▶ REQUIREMENT
Your task is to give the records again exactly. Leave each picture out.

Data excerpts
== Segment start ==
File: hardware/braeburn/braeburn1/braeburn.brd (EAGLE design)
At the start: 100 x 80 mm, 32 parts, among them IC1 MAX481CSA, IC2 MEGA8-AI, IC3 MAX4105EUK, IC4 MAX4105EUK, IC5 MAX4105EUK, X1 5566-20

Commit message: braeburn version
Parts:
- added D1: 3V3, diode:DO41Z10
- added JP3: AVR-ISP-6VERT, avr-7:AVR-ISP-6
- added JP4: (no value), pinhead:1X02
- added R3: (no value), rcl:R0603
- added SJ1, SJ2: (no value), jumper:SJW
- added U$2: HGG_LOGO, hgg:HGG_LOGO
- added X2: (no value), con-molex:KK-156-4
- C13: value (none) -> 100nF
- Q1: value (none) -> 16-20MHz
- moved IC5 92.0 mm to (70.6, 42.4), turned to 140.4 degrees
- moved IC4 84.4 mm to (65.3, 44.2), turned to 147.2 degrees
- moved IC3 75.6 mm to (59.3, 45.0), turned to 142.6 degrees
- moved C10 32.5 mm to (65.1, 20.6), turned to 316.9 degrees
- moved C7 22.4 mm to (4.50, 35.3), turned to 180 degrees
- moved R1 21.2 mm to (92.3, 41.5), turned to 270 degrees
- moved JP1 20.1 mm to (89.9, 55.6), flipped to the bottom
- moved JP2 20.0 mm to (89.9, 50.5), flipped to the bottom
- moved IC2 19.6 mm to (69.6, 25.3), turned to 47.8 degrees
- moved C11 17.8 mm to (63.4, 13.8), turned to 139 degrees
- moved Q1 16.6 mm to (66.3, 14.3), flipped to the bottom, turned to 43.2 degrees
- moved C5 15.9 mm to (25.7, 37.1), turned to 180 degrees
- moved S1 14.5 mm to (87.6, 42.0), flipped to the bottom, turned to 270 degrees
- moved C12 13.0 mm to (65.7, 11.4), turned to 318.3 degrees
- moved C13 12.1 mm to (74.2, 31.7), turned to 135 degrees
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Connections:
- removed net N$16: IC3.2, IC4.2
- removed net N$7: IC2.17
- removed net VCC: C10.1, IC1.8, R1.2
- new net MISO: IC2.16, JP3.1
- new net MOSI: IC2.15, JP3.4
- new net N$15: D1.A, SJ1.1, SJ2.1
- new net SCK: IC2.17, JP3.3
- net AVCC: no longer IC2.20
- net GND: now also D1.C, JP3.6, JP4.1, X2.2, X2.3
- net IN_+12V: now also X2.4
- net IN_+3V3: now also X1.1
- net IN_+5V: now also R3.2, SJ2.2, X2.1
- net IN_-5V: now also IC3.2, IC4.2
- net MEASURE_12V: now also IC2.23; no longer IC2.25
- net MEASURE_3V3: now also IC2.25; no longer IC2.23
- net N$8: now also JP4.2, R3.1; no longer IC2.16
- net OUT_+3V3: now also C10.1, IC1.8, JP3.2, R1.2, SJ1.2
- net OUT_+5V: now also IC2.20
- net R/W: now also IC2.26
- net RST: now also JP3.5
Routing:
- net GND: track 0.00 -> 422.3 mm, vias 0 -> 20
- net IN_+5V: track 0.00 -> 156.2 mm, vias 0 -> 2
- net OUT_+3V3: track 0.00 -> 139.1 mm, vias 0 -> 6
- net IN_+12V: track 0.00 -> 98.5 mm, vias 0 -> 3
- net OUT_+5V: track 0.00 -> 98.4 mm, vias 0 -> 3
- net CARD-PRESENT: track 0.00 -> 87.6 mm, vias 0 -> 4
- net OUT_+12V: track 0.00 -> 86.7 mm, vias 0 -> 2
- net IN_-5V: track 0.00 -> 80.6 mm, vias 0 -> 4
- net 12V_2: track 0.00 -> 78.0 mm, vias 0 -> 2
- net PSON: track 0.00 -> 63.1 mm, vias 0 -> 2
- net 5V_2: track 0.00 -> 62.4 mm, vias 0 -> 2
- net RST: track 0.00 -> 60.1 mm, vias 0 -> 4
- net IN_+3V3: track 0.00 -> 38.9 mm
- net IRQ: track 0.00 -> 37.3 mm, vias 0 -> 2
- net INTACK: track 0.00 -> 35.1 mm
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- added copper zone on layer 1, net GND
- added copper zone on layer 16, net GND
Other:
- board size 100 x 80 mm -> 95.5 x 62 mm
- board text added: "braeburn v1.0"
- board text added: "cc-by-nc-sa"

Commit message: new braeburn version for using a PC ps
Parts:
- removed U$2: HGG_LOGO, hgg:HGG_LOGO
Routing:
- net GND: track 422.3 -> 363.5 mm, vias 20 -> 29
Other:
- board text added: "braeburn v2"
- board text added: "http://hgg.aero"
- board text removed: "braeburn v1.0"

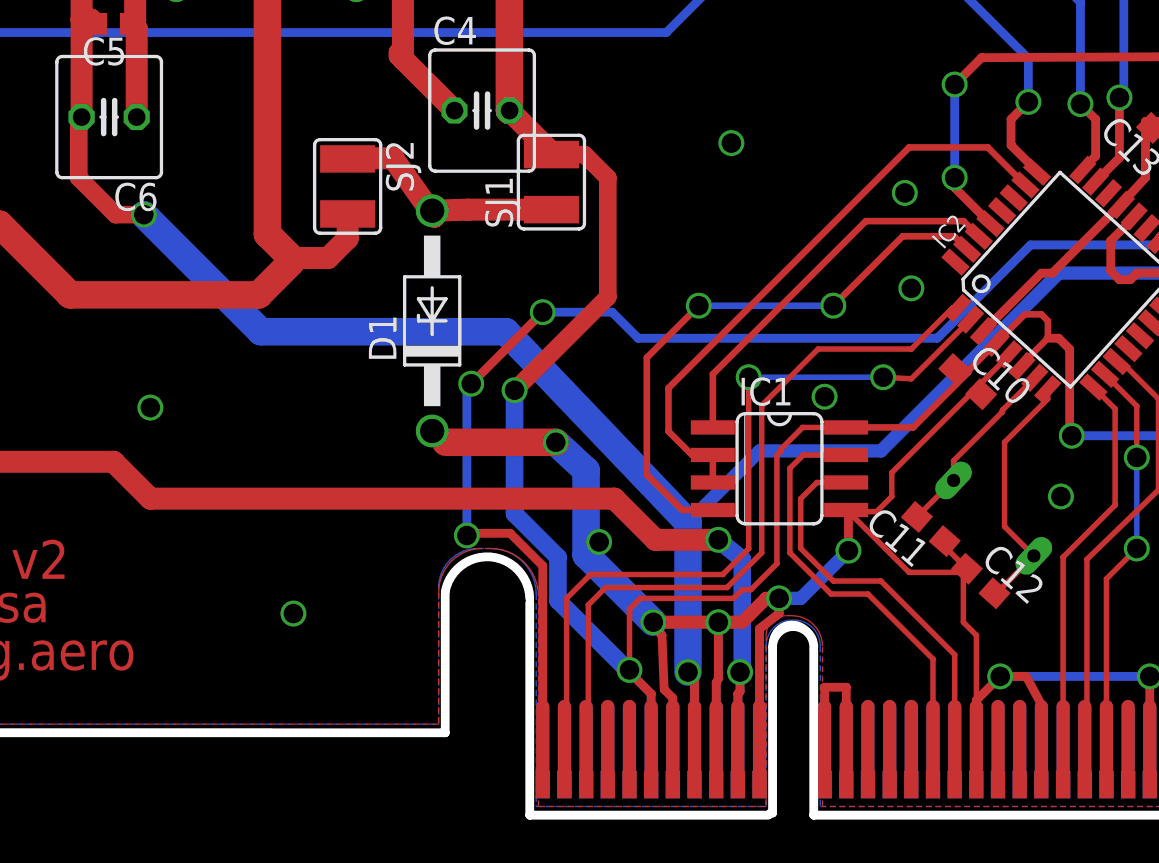
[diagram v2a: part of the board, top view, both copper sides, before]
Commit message: changes to solve problems with the first design
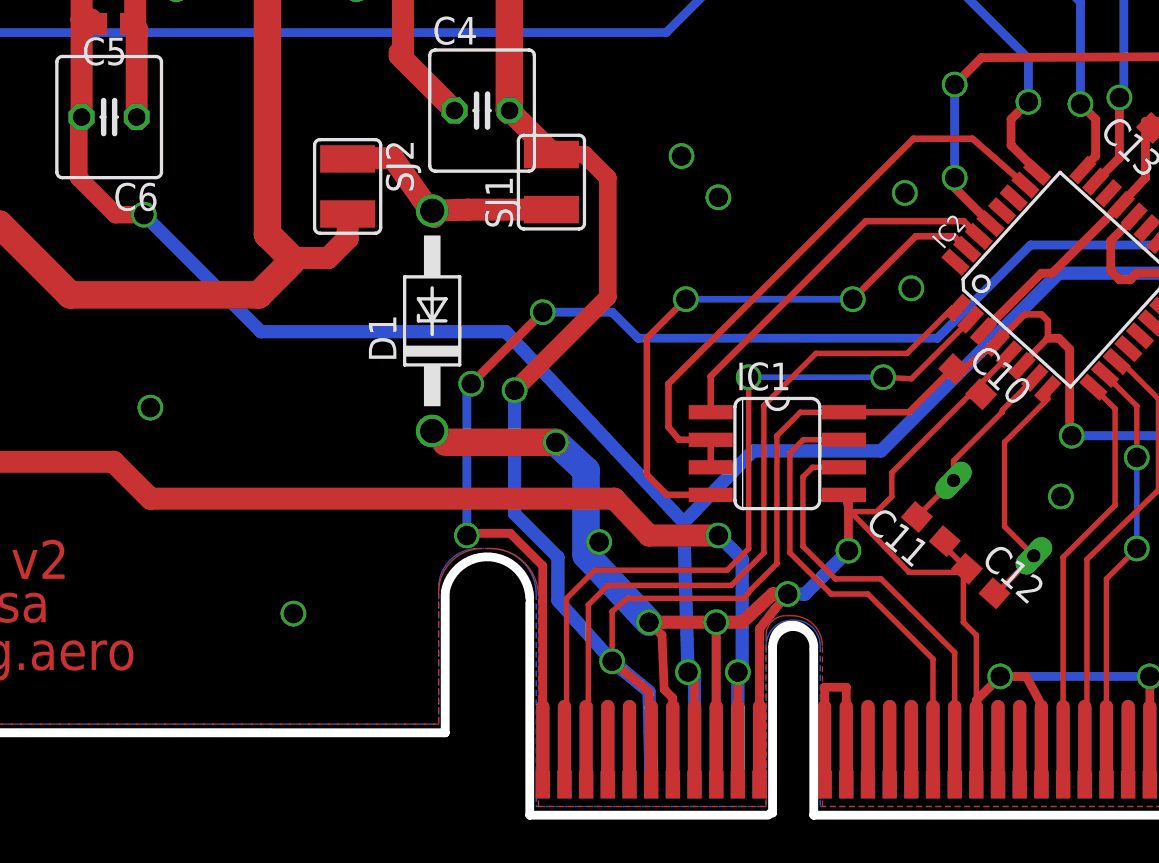
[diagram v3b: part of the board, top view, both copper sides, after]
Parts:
- moved IC1 0.71 mm to (56.3, 17.3)
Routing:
- net GND: track 363.5 -> 366.1 mm
- net OUT_+3V3: track 139.1 -> 140.2 mm
- net RX: track 17.9 -> 17.3 mm
- net BUS0-: track 21.2 -> 21.8 mm
- net BUS0+: track 19.8 -> 20.4 mm
== Segment end ==
▶ SOLUTION FOR THIS EXERCISE
File: hardware/braeburn/braeburn1/braeburn.brd (EAGLE design)
At the start: 100 x 80 mm, 32 parts, among them IC1 MAX481CSA, IC2 MEGA8-AI, IC3 MAX4105EUK, IC4 MAX4105EUK, IC5 MAX4105EUK, X1 5566-20

Commit message: braeburn version
Parts:
- added D1: 3V3, diode:DO41Z10
- added JP3: AVR-ISP-6VERT, avr-7:AVR-ISP-6
- added JP4: (no value), pinhead:1X02
- added R3: (no value), rcl:R0603
- added SJ1, SJ2: (no value), jumper:SJW
- added U$2: HGG_LOGO, hgg:HGG_LOGO
- added X2: (no value), con-molex:KK-156-4
- C13: value (none) -> 100nF
- Q1: value (none) -> 16-20MHz
- moved IC5 92.0 mm to (70.6, 42.4), turned to 140.4 degrees
- moved IC4 84.4 mm to (65.3, 44.2), turned to 147.2 degrees
- moved IC3 75.6 mm to (59.3, 45.0), turned to 142.6 degrees
- moved C10 32.5 mm to (65.1, 20.6), turned to 316.9 degrees
- moved C7 22.4 mm to (4.50, 35.3), turned to 180 degrees
- moved R1 21.2 mm to (92.3, 41.5), turned to 270 degrees
- moved JP1 20.1 mm to (89.9, 55.6), flipped to the bottom
- moved JP2 20.0 mm to (89.9, 50.5), flipped to the bottom
- moved IC2 19.6 mm to (69.6, 25.3), turned to 47.8 degrees
- moved C11 17.8 mm to (63.4, 13.8), turned to 139 degrees
- moved Q1 16.6 mm to (66.3, 14.3), flipped to the bottom, turned to 43.2 degrees
- moved C5 15.9 mm to (25.7, 37.1), turned to 180 degrees
- moved S1 14.5 mm to (87.6, 42.0), flipped to the bottom, turned to 270 degrees
- moved C12 13.0 mm to (65.7, 11.4), turned to 318.3 degrees
- moved C13 12.1 mm to (74.2, 31.7), turned to 135 degrees
Connections:
- removed net N$16: IC3.2, IC4.2
- removed net N$7: IC2.17
- removed net VCC: C10.1, IC1.8, R1.2
- new net MISO: IC2.16, JP3.1
- new net MOSI: IC2.15, JP3.4
- new net N$15: D1.A, SJ1.1, SJ2.1
- new net SCK: IC2.17, JP3.3
- net AVCC: no longer IC2.20
- net GND: now also D1.C, JP3.6, JP4.1, X2.2, X2.3
- net IN_+12V: now also X2.4
- net IN_+3V3: now also X1.1
- net IN_+5V: now also R3.2, SJ2.2, X2.1
- net IN_-5V: now also IC3.2, IC4.2
- net MEASURE_12V: now also IC2.23; no longer IC2.25
- net MEASURE_3V3: now also IC2.25; no longer IC2.23
- net N$8: now also JP4.2, R3.1; no longer IC2.16
- net OUT_+3V3: now also C10.1, IC1.8, JP3.2, R1.2, SJ1.2
- net OUT_+5V: now also IC2.20
- net R/W: now also IC2.26
- net RST: now also JP3.5
Routing:
- net GND: track 0.00 -> 422.3 mm, vias 0 -> 20
- net IN_+5V: track 0.00 -> 156.2 mm, vias 0 -> 2
- net OUT_+3V3: track 0.00 -> 139.1 mm, vias 0 -> 6
- net IN_+12V: track 0.00 -> 98.5 mm, vias 0 -> 3
- net OUT_+5V: track 0.00 -> 98.4 mm, vias 0 -> 3
- net CARD-PRESENT: track 0.00 -> 87.6 mm, vias 0 -> 4
- net OUT_+12V: track 0.00 -> 86.7 mm, vias 0 -> 2
- net IN_-5V: track 0.00 -> 80.6 mm, vias 0 -> 4
- net 12V_2: track 0.00 -> 78.0 mm, vias 0 -> 2
- net PSON: track 0.00 -> 63.1 mm, vias 0 -> 2
- net 5V_2: track 0.00 -> 62.4 mm, vias 0 -> 2
- net RST: track 0.00 -> 60.1 mm, vias 0 -> 4
- net IN_+3V3: track 0.00 -> 38.9 mm
- net IRQ: track 0.00 -> 37.3 mm, vias 0 -> 2
- net INTACK: track 0.00 -> 35.1 mm
- added copper zone on layer 1, net GND
- added copper zone on layer 16, net GND
Other:
- board size 100 x 80 mm -> 95.5 x 62 mm
- board text added: "braeburn v1.0"
- board text added: "cc-by-nc-sa"

Commit message: new braeburn version for using a PC ps
Parts:
- removed U$2: HGG_LOGO, hgg:HGG_LOGO
Routing:
- net GND: track 422.3 -> 363.5 mm, vias 20 -> 29
Other:
- board text added: "braeburn v2"
- board text added: "http://hgg.aero"
- board text removed: "braeburn v1.0"

[diagram v2a: part of the board, top view, both copper sides, before]
Commit message: changes to solve problems with the first design
[diagram v3b: part of the board, top view, both copper sides, after]
Parts:
- moved IC1 0.71 mm to (56.3, 17.3)
Routing:
- net GND: track 363.5 -> 366.1 mm
- net OUT_+3V3: track 139.1 -> 140.2 mm
- net RX: track 17.9 -> 17.3 mm
- net BUS0-: track 21.2 -> 21.8 mm
- net BUS0+: track 19.8 -> 20.4 mm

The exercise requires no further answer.